[How to complete this task] Each line of the listing that includes the string "retVal" needs to be located and copied.

::: Data for the task

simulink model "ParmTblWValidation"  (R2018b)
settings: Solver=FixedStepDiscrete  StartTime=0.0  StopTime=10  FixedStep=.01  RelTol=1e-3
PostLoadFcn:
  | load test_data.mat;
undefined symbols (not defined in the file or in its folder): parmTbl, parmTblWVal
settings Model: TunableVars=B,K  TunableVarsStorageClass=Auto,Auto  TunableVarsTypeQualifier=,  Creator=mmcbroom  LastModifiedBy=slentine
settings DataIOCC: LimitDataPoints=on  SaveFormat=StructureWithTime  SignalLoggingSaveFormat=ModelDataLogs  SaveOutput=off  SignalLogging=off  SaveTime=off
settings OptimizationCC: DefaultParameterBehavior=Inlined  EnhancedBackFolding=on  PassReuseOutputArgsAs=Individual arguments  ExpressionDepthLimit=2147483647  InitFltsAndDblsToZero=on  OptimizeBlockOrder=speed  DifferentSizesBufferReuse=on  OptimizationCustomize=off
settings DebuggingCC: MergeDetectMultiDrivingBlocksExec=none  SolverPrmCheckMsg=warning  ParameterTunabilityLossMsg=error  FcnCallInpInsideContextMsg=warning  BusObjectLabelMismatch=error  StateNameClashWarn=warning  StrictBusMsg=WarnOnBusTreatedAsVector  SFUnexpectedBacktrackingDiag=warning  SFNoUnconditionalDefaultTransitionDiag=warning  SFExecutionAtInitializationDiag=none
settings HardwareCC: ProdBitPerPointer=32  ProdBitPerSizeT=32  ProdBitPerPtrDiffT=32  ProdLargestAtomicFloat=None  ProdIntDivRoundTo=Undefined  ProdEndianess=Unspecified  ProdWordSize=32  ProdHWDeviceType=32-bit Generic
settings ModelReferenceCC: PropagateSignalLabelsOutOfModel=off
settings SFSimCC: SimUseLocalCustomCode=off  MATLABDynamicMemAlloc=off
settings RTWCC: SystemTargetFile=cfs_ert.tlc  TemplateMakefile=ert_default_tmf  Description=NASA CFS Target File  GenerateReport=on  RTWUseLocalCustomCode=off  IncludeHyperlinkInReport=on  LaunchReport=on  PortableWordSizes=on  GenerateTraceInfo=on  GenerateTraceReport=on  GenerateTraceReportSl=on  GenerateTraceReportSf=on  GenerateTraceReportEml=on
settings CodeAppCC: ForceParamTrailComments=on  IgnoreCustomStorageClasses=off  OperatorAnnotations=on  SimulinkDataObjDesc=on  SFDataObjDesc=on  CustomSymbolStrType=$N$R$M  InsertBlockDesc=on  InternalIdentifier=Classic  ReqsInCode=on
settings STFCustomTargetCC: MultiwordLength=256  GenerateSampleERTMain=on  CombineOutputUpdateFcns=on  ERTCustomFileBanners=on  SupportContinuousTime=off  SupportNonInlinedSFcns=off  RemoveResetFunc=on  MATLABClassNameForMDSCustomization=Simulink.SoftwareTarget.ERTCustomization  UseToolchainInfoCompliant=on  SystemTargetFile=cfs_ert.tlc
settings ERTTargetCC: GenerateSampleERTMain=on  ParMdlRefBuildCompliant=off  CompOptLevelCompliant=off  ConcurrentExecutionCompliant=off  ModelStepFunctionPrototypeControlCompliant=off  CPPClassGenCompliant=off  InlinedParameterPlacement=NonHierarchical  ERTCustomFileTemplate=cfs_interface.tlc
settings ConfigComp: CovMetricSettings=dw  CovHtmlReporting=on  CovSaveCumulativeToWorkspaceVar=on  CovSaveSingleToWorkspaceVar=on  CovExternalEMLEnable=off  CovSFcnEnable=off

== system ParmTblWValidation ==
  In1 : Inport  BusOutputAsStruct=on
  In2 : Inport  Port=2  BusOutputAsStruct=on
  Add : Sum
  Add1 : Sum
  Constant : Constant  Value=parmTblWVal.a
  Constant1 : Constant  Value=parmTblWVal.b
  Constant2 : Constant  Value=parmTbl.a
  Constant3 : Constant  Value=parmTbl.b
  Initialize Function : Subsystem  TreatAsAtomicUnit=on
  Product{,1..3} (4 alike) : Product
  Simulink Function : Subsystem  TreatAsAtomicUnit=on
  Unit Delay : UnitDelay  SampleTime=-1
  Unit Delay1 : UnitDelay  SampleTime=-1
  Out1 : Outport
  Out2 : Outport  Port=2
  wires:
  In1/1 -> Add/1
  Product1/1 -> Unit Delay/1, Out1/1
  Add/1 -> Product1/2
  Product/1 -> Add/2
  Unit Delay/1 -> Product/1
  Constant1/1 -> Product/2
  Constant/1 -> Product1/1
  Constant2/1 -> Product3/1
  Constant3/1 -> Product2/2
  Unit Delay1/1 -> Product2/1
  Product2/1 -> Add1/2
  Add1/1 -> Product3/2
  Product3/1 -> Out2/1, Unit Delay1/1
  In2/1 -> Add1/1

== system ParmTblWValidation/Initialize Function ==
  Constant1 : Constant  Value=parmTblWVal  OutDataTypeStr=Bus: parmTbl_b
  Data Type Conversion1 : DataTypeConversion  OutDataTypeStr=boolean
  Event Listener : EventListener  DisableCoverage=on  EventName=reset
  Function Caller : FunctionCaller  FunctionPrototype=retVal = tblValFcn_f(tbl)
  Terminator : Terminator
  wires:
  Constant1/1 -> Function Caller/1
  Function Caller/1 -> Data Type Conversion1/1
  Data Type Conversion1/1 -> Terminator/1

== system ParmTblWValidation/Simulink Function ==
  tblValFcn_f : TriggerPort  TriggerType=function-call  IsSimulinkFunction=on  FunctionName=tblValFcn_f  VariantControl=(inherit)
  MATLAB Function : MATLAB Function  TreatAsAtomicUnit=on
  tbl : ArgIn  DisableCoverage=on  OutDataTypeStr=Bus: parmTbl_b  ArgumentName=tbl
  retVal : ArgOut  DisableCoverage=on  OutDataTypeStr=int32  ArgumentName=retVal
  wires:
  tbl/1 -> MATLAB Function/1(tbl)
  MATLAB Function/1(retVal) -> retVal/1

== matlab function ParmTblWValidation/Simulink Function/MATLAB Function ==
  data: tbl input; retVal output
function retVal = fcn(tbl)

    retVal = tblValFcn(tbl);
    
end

::::::

[Task result]
  Function Caller : FunctionCaller  FunctionPrototype=retVal = tblValFcn_f(tbl)
  retVal : ArgOut  DisableCoverage=on  OutDataTypeStr=int32  ArgumentName=retVal
  MATLAB Function/1(retVal) -> retVal/1
  data: tbl input; retVal output
function retVal = fcn(tbl)
    retVal = tblValFcn(tbl);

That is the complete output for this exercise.